Criminals and fraudsters will also be relieved. SCA will make their jobs significantly more difficult—they’ll have to work a lot harder to bypass extra authentication methods. Without this extra step, it’s far easier to perform card cracking, using bots to check thousands of stolen card details. These details, leaked by data breaches and sold on the dark web, are much less effective if hackers need to also try to subvert one-time passwords and other security methods.
The issue that banks and other financial service providers face is that when one method of attack is thwarted, cybercriminals won’t simply give in—instead, they look for another way in and PSD2 presents a prime opportunity: APIs. The UK has already gone some way to adopting banking APIs thanks to its Open Banking initiative, opening up banking data to fintechs and other providers for the benefit of consumers and to encourage competition. The introduction of SCA means these APIs are more likely to be targeted.
Access to APIs is restricted to regulated third party providers (TPPs) that have been subject to extensive verification of their security, operational governance and risk management controls. But this doesn’t mean that they are necessarily 100% safe from attack. APIs can extend the ways in which an attacker will attempt to gain entry—through the TPP, mobile applications, or access to the API directly.
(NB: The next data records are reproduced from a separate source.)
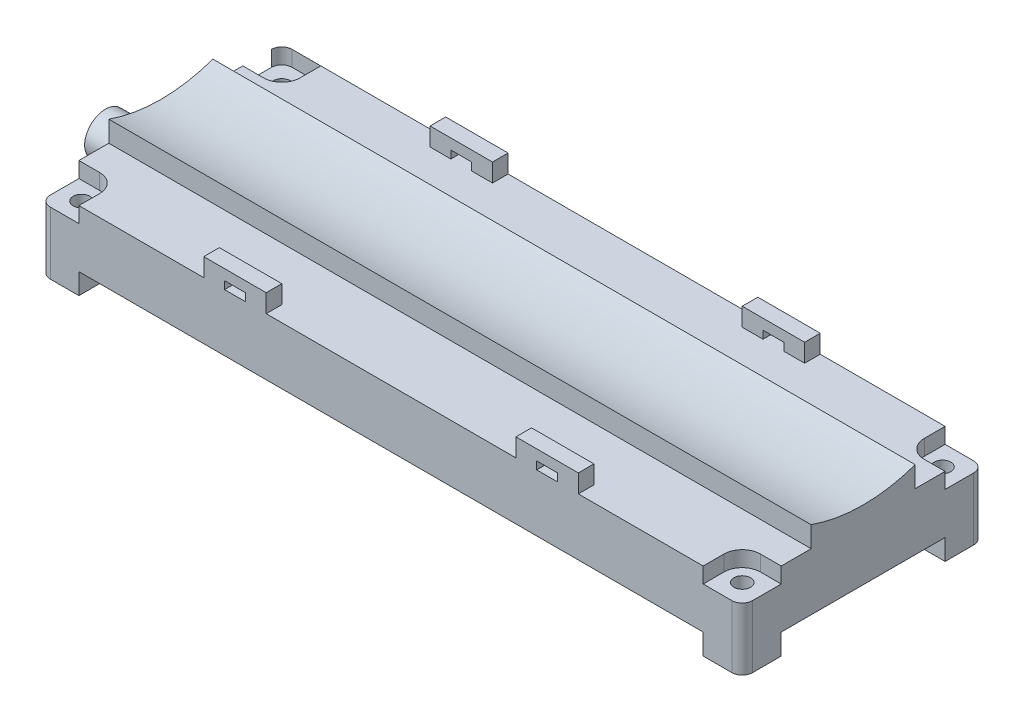
SolidWorks part; units mm, degrees
material "PA Type 6"
ref_plane "Front Plane" through (0, 0, 0) normal (0, 0, 1) x (1, 0, 0)
ref_plane "Top Plane" through (0, 0, 0) normal (0, 1, 0) x (1, 0, 0)
ref_plane "Right Plane" through (0, 0, 0) normal (1, 0, 0) x (0, 0, -1)
sketch "Sketch1" plane through (0, 0, 0) normal (0, 1, 0) x (1, 0, 0)
  line L0 (63.5, 19.25) -> (-63.5, 19.25) construction
  line L1 (65.5, -23.25) -> (-65.5, -23.25)
  line L2 (67.5, -21.25) -> (67.5, 21.25)
  line L3 (65.5, 23.25) -> (-65.5, 23.25)
  line L4 (-67.5, -21.25) -> (-67.5, 21.25)
  line L5 (67.5, -23.25) -> (-67.5, 23.25) construction
  line L6 (67.5, 23.25) -> (-67.5, -23.25) construction
  line L11 (-4.5, 3.75) -> (42.5, -19.25) construction
  line L12 (-4.5, -19.25) -> (42.5, 3.75) construction
  line L13 (-67.5, 0) -> (67.5, 0) construction
  line L14 (-63.5, -19.25) -> (-63.5, 19.25) construction
  line L15 (63.5, -19.25) -> (-63.5, -19.25) construction
  line L16 (63.5, -19.25) -> (63.5, 19.25) construction
  line L17 (-4.5, -19.25) -> (-4.5, 3.75) construction
  line L18 (-4.5, 3.75) -> (42.5, 3.75) construction
  line L19 (42.5, -19.25) -> (42.5, 3.75) construction
  line L20 (-4.5, -19.25) -> (42.5, -19.25) construction
  line L21 (67.5, -23.25) -> (67.5, 23.25) construction
  line L22 (67.5, -23.25) -> (-67.5, -23.25) construction
  line L23 (67.5, 23.25) -> (-67.5, 23.25) construction
  line L24 (-67.5, -23.25) -> (-67.5, 23.25) construction
  line L25 (-59.5, 0) -> (-24.5, 0) construction
  line L27 (42.5, 3.75) -> (42.5, -19.25) construction
  line L28 (-59.5, -12.4) -> (-11.5, -12.4) construction
  line L29 (34.42, -20.42) -> (57.5, -20.42) construction
  line L30 (34.42, -20.42) -> (34.42, 20.42) construction
  line L31 (34.42, 20.42) -> (57.5, 20.42) construction
  line L38 (57.5, -20.42) -> (57.5, 20.42) construction
  line L39 (34.42, -20.42) -> (57.5, 20.42) construction
  line L40 (34.42, 20.42) -> (57.5, -20.42) construction
  line L41 (-59.5, -12.4) -> (-59.5, -2.4) construction
  line L42 (-59.5, -2.4) -> (-11.5, -2.4) construction
  line L43 (-11.5, -12.4) -> (-11.5, -2.4) construction
  line L44 (-59.5, -12.4) -> (-11.5, -2.4) construction
  line L45 (-59.5, -2.4) -> (-11.5, -12.4) construction
  line L46 (-55, -17.4) -> (-16, -17.4) construction
  line L47 (-55.5, -16.9) -> (-55.5, 2.1) construction
  line L48 (-55, 2.6) -> (-16, 2.6) construction
  line L49 (-15.5, -16.9) -> (-15.5, 2.1) construction
  line L50 (-55.5, -17.4) -> (-15.5, 2.6) construction
  line L51 (-55.5, 2.6) -> (-15.5, -17.4) construction
  circle A6 centre (-63.5, 19.25) radius 2.25 construction
  circle A7 centre (-63.5, -19.25) radius 2.25 construction
  circle A8 centre (63.5, -19.25) radius 2.25 construction
  circle A9 centre (63.5, 19.25) radius 2.25 construction
  arc A16 (67.5, -21.25) -> (65.5, -23.25) centre (65.5, -21.25) cw
  arc A17 (65.5, 23.25) -> (67.5, 21.25) centre (65.5, 21.25) cw
  arc A18 (-65.5, 23.25) -> (-67.5, 21.25) centre (-65.5, 21.25) ccw
  arc A19 (-65.5, -23.25) -> (-67.5, -21.25) centre (-65.5, -21.25) cw
  arc A33 (-55.5, -16.9) -> (-55, -17.4) centre (-55, -16.9) ccw construction
  arc A34 (-16, -17.4) -> (-15.5, -16.9) centre (-16, -16.9) ccw construction
  arc A35 (-15.5, 2.1) -> (-16, 2.6) centre (-16, 2.1) ccw construction
  arc A36 (-55, 2.6) -> (-55.5, 2.1) centre (-55, 2.1) ccw construction
  circle A37 centre (-45.5, -7.4) radius 12.05 construction
  circle A38 centre (-59.5, -2.4) radius 2 construction
  circle A39 centre (-59.5, -12.4) radius 2 construction
  circle A40 centre (-11.5, -2.4) radius 2 construction
  circle A41 centre (-11.5, -12.4) radius 2 construction
  point P0 (0, 0)
  point P6 (45.96, 0)
  point P16 (-35.5, -7.4)
  point P51 (-35.5, -7.4)
  point P85 (-45.5, -7.4)
  point P92 (-45.5, 4.65)
  dimension "D6" = 4.5
  dimension "D7" = 4
  dimension "D8" = 23.08
  dimension "D9" = 40.84
  dimension "D16" = 2
  dimension "D17" = 20
  dimension "D19" = 0.5
  dimension "D20" = 10
  dimension "D22" = 4
  dimension "D23" = 4
  dimension "D26" = 47
  dimension "D11" = 10
  dimension "D21" = 24.1
  dimension "D1" = 46.5
  dimension "D2" = 135
  dimension "D4" = 48
  dimension "D5" = 35
  dimension "D10" = 10
  dimension "D12" = 8
  dimension "D14" = 25
  dimension "D18" = 40
  dimension "D13" = 23
  dimension "D27" = 2.4
  dimension "D28" = 4.65
extrude "Boss-Extrude1" add sketch "Sketch1" along normal blind 11
shell "Shell1" thickness 1 removed face at (0, 0, 0)
sketch "Sketch4" plane through (0, 10, 0) normal (0, -1, 0) x (1, 0, 0)
  line L0 (63.5, 19.25) -> (-63.5, 19.25) construction
  line L1 (65.5, -23.25) -> (60, -23.25)
  line L2 (67.5, -21.25) -> (67.5, -15.75)
  line L3 (65.5, 23.25) -> (60, 23.25)
  line L4 (-67.5, -21.25) -> (-67.5, -15.75)
  line L5 (67.5, -23.25) -> (-67.5, 23.25) construction
  line L6 (67.5, 23.25) -> (-67.5, -23.25) construction
  line L11 (-4.5, 3.75) -> (42.5, -19.25) construction
  line L12 (-4.5, -19.25) -> (42.5, 3.75) construction
  line L13 (-67.5, 0) -> (67.5, 0) construction
  line L14 (-63.5, -19.25) -> (-63.5, 19.25) construction
  line L15 (63.5, -19.25) -> (-63.5, -19.25) construction
  line L16 (63.5, -19.25) -> (63.5, 19.25) construction
  line L17 (-4.5, -19.25) -> (-4.5, 3.75) construction
  line L18 (-4.5, 3.75) -> (42.5, 3.75) construction
  line L19 (42.5, -19.25) -> (42.5, 3.75) construction
  line L20 (-4.5, -19.25) -> (42.5, -19.25) construction
  line L21 (67.5, -23.25) -> (67.5, 23.25) construction
  line L22 (67.5, -23.25) -> (-67.5, -23.25) construction
  line L23 (67.5, 23.25) -> (-67.5, 23.25) construction
  line L24 (-67.5, -23.25) -> (-67.5, 23.25) construction
  line L25 (-59.5, 0) -> (-24.5, 0) construction
  line L26 (-60, 19.25) -> (-60, 23.25)
  line L27 (42.5, 3.75) -> (42.5, -19.25) construction
  line L28 (-59.5, -12.4) -> (-11.5, -12.4) construction
  line L29 (34.42, -20.42) -> (57.5, -20.42) construction
  line L30 (34.42, -20.42) -> (34.42, 20.42) construction
  line L31 (34.42, 20.42) -> (57.5, 20.42) construction
  line L36 (-63.5, 15.75) -> (-67.5, 15.75)
  line L37 (-63.5, -15.75) -> (-67.5, -15.75)
  line L38 (57.5, -20.42) -> (57.5, 20.42) construction
  line L39 (34.42, -20.42) -> (57.5, 20.42) construction
  line L40 (34.42, 20.42) -> (57.5, -20.42) construction
  line L41 (-59.5, -12.4) -> (-59.5, -2.4) construction
  line L42 (-59.5, -2.4) -> (-11.5, -2.4) construction
  line L43 (-11.5, -12.4) -> (-11.5, -2.4) construction
  line L44 (-59.5, -12.4) -> (-11.5, -2.4) construction
  line L45 (-59.5, -2.4) -> (-11.5, -12.4) construction
  line L46 (-55, -17.4) -> (-16, -17.4) construction
  line L47 (-55.5, -16.9) -> (-55.5, 2.1) construction
  line L48 (-55, 2.6) -> (-16, 2.6) construction
  line L49 (-15.5, -16.9) -> (-15.5, 2.1) construction
  line L50 (-55.5, -17.4) -> (-15.5, 2.6) construction
  line L51 (-55.5, 2.6) -> (-15.5, -17.4) construction
  line L53 (-60, -19.25) -> (-60, -23.25)
  line L55 (-67.5, 15.75) -> (-67.5, 21.25)
  line L56 (60, 19.25) -> (60, 23.25)
  line L57 (63.5, 15.75) -> (67.5, 15.75)
  line L58 (-60, 23.25) -> (-65.5, 23.25)
  line L59 (60, -19.25) -> (60, -23.25)
  line L60 (63.5, -15.75) -> (67.5, -15.75)
  line L61 (67.5, 15.75) -> (67.5, 21.25)
  line L62 (-60, -23.25) -> (-65.5, -23.25)
  arc A6 (-63.5, 15.75) -> (-60, 19.25) centre (-63.5, 19.25) ccw
  arc A7 (-60, -19.25) -> (-63.5, -15.75) centre (-63.5, -19.25) ccw
  arc A8 (63.5, -15.75) -> (60, -19.25) centre (63.5, -19.25) ccw
  arc A9 (60, 19.25) -> (63.5, 15.75) centre (63.5, 19.25) ccw
  arc A16 (67.5, -21.25) -> (65.5, -23.25) centre (65.5, -21.25) cw
  arc A17 (65.5, 23.25) -> (67.5, 21.25) centre (65.5, 21.25) cw
  arc A18 (-65.5, 23.25) -> (-67.5, 21.25) centre (-65.5, 21.25) ccw
  arc A19 (-65.5, -23.25) -> (-67.5, -21.25) centre (-65.5, -21.25) cw
  arc A33 (-55.5, -16.9) -> (-55, -17.4) centre (-55, -16.9) ccw construction
  arc A34 (-16, -17.4) -> (-15.5, -16.9) centre (-16, -16.9) ccw construction
  arc A35 (-15.5, 2.1) -> (-16, 2.6) centre (-16, 2.1) ccw construction
  arc A36 (-55, 2.6) -> (-55.5, 2.1) centre (-55, 2.1) ccw construction
  circle A37 centre (-45.5, -7.4) radius 12.05 construction
  circle A38 centre (-59.5, -2.4) radius 2 construction
  circle A39 centre (-59.5, -12.4) radius 2 construction
  circle A40 centre (-11.5, -2.4) radius 2 construction
  circle A41 centre (-11.5, -12.4) radius 2 construction
  point P0 (0, 0)
  point P6 (45.96, 0)
  point P16 (-35.5, -7.4)
  point P51 (-35.5, -7.4)
  point P85 (-45.5, -7.4)
  point P92 (-45.5, 4.65)
  dimension "D6" = 7
  dimension "D7" = 4
  dimension "D8" = 23.08
  dimension "D9" = 40.84
  dimension "D16" = 2
  dimension "D17" = 20
  dimension "D19" = 0.5
  dimension "D20" = 10
  dimension "D22" = 4
  dimension "D23" = 4
  dimension "D26" = 47
  dimension "D11" = 10
  dimension "D21" = 24.1
  dimension "D1" = 46.5
  dimension "D2" = 135
  dimension "D4" = 48
  dimension "D5" = 35
  dimension "D10" = 10
  dimension "D12" = 8
  dimension "D14" = 25
  dimension "D18" = 40
  dimension "D13" = 23
  dimension "D27" = 2.4
  dimension "D28" = 4.65
extrude "Boss-Extrude2" add sketch "Sketch4" along normal blind 14
sketch "Sketch7" plane through (0, 10, 0) normal (0, -1, 0) x (1, 0, 0)
  line L0 (63.5, 19.25) -> (-63.5, 19.25) construction
  line L1 (65.5, -23.25) -> (60, -23.25)
  line L2 (67.5, -21.25) -> (67.5, -15.75)
  line L3 (65.5, 23.25) -> (60, 23.25)
  line L4 (-67.5, -21.25) -> (-67.5, -15.75)
  line L5 (67.5, -23.25) -> (-67.5, 23.25) construction
  line L6 (67.5, 23.25) -> (-67.5, -23.25) construction
  line L11 (-4.5, 3.75) -> (42.5, -19.25) construction
  line L12 (-4.5, -19.25) -> (42.5, 3.75) construction
  line L14 (-63.5, -19.25) -> (-63.5, 19.25) construction
  line L15 (63.5, -19.25) -> (-63.5, -19.25) construction
  line L16 (63.5, -19.25) -> (63.5, 19.25) construction
  line L17 (-4.5, -19.25) -> (-4.5, 3.75) construction
  line L18 (-4.5, 3.75) -> (42.5, 3.75) construction
  line L19 (42.5, -19.25) -> (42.5, 3.75) construction
  line L20 (-4.5, -19.25) -> (42.5, -19.25) construction
  line L21 (67.5, -23.25) -> (67.5, 23.25) construction
  line L22 (67.5, -23.25) -> (-67.5, -23.25) construction
  line L23 (67.5, 23.25) -> (-67.5, 23.25) construction
  line L24 (-67.5, -23.25) -> (-67.5, 23.25) construction
  line L25 (-59.5, 0) -> (-24.5, 0) construction
  line L27 (42.5, 3.75) -> (42.5, -19.25) construction
  line L28 (-59.5, -12.4) -> (-11.5, -12.4) construction
  line L41 (-59.5, -12.4) -> (-59.5, -2.4) construction
  line L42 (-59.5, -2.4) -> (-11.5, -2.4) construction
  line L43 (-11.5, -12.4) -> (-11.5, -2.4) construction
  line L44 (-59.5, -12.4) -> (-11.5, -2.4) construction
  line L45 (-59.5, -2.4) -> (-11.5, -12.4) construction
  line L46 (-55, -17.4) -> (-16, -17.4) construction
  line L47 (-55.5, -16.9) -> (-55.5, 2.1) construction
  line L48 (-55, 2.6) -> (-16, 2.6) construction
  line L49 (-15.5, -16.9) -> (-15.5, 2.1) construction
  line L50 (-55.5, -17.4) -> (-15.5, 2.6) construction
  line L51 (-55.5, 2.6) -> (-15.5, -17.4) construction
  line L55 (-67.5, 15.75) -> (-67.5, 21.25)
  line L58 (-60, 23.25) -> (-65.5, 23.25)
  line L61 (67.5, 15.75) -> (67.5, 21.25)
  line L62 (-60, -23.25) -> (-65.5, -23.25)
  line L67 (57, -19.25) -> (57, -19.6333)
  line L76 (63.5, 12.75) -> (70.5, 12.75) construction
  line L77 (70.5, 12.75) -> (70.5, 21.25) construction
  line L78 (65.5, 26.25) -> (57, 26.25) construction
  line L79 (57, 19.25) -> (57, 26.25) construction
  line L80 (57, -19.25) -> (57, -26.25) construction
  line L81 (65.5, -26.25) -> (57, -26.25) construction
  line L82 (70.5, -21.25) -> (70.5, -12.75) construction
  line L83 (63.5, -12.75) -> (70.5, -12.75) construction
  line L84 (-57, -19.25) -> (-57, -26.25) construction
  line L85 (-57, -26.25) -> (-65.5, -26.25) construction
  line L86 (-70.5, -21.25) -> (-70.5, -12.75) construction
  line L87 (-63.5, -12.75) -> (-70.5, -12.75) construction
  line L88 (-63.5, 12.75) -> (-70.5, 12.75) construction
  line L89 (-70.5, 12.75) -> (-70.5, 21.25) construction
  line L90 (-57, 26.25) -> (-65.5, 26.25) construction
  line L91 (-57, 19.25) -> (-57, 26.25) construction
  line L92 (63.5, 15.75) -> (67.5, 15.75) construction
  line L93 (60, 19.25) -> (60, 23.25) construction
  line L94 (57, 19.25) -> (57, 23.25)
  line L96 (57, 23.25) -> (60, 23.25)
  line L97 (63.5, 12.75) -> (67.5, 12.75)
  line L99 (67.5, 12.75) -> (67.5, 15.75)
  line L100 (63.5, -12.75) -> (67.5, -12.75)
  line L101 (57, -19.6333) -> (57, -23.25)
  line L102 (57, -23.25) -> (60, -23.25)
  line L103 (60, -19.25) -> (60, -23.25) construction
  line L104 (63.5, -15.75) -> (67.5, -15.75) construction
  line L105 (67.5, -12.75) -> (67.5, -15.75)
  line L106 (-57, -19.25) -> (-57, -23.25)
  line L107 (-57, -23.25) -> (-60, -23.25)
  line L108 (-63.5, -12.75) -> (-67.5, -12.75)
  line L109 (-67.5, -12.75) -> (-67.5, -15.75)
  line L110 (-60, -19.25) -> (-60, -23.25) construction
  line L111 (-63.5, -15.75) -> (-67.5, -15.75) construction
  line L112 (-57, 19.25) -> (-57, 23.25)
  line L113 (-57, 23.25) -> (-60, 23.25)
  line L114 (-63.5, 12.75) -> (-67.5, 12.75)
  line L115 (-67.5, 12.75) -> (-67.5, 15.75)
  line L116 (-60, 19.25) -> (-60, 23.25) construction
  line L117 (-63.5, 15.75) -> (-67.5, 15.75) construction
  arc A16 (67.5, -21.25) -> (65.5, -23.25) centre (65.5, -21.25) cw
  arc A17 (65.5, 23.25) -> (67.5, 21.25) centre (65.5, 21.25) cw
  arc A18 (-65.5, 23.25) -> (-67.5, 21.25) centre (-65.5, 21.25) ccw
  arc A19 (-65.5, -23.25) -> (-67.5, -21.25) centre (-65.5, -21.25) cw
  arc A33 (-55.5, -16.9) -> (-55, -17.4) centre (-55, -16.9) ccw construction
  arc A34 (-16, -17.4) -> (-15.5, -16.9) centre (-16, -16.9) ccw construction
  arc A35 (-15.5, 2.1) -> (-16, 2.6) centre (-16, 2.1) ccw construction
  arc A36 (-55, 2.6) -> (-55.5, 2.1) centre (-55, 2.1) ccw construction
  circle A37 centre (-45.5, -7.4) radius 12.05 construction
  circle A38 centre (-59.5, -2.4) radius 2 construction
  circle A39 centre (-59.5, -12.4) radius 2 construction
  circle A40 centre (-11.5, -2.4) radius 2 construction
  circle A41 centre (-11.5, -12.4) radius 2 construction
  arc A43 (57, 19.25) -> (63.5, 12.75) centre (63.5, 19.25) ccw
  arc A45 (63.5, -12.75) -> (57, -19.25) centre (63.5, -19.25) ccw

Plus, while Open Banking has defined API standards, PSD2 is more open to interpretation, potentially leading to confusion over exactly how a secure API should be implemented.
The problem for banks is that, even if they take every precaution to make sure that the API is secure, there are ways to attack it that are out of their control. A hacker with access to a TPP’s system could use it to scrape personal details, but it doesn’t have to be quite so direct. An improperly secured and poorly designed third-party app configured to share the bank’s data is a direct link to an API that can be exploited in a “supply chain” attack—in which instance, automated attacks that test credentials and card details and commit fraud become possible.
Blocking IPs and blacklisting will only go so far to beating this problem—but APIs also present a new problem. The influx of third-party data will mean banks will no longer fully understand the data traffic on their systems. Previously, while there was some understanding of a user’s behaviour, this will be lost on the other end of an API. The potential issues, however, go beyond a loss of market intelligence.
Right now, bots (both good and bad) and humans are interacting with online and mobile banking. Banks understand this traffic, know what it looks like and can identify ill intent to block some common automated attack techniques. But they do not have the same knowledge and understanding of traffic to new APIs. Their ability to separate the good from the bad will be limited—not only is this a new attack vector, it’s one where an attack won’t be immediately obvious.
PSD2 is a much-needed legislation that presents financial institutions with new challenges. It also presents ample opportunity for banks to update legacy systems, collaborate and improve their security platforms. But banks not only need to secure their APIs, they need to quickly get up to speed as to what is normal use and what bad intent looks like. PSD2 represents a new spirit of openness, but it’s vital that embracing this does not expose financial service providers or their customers to additional risk.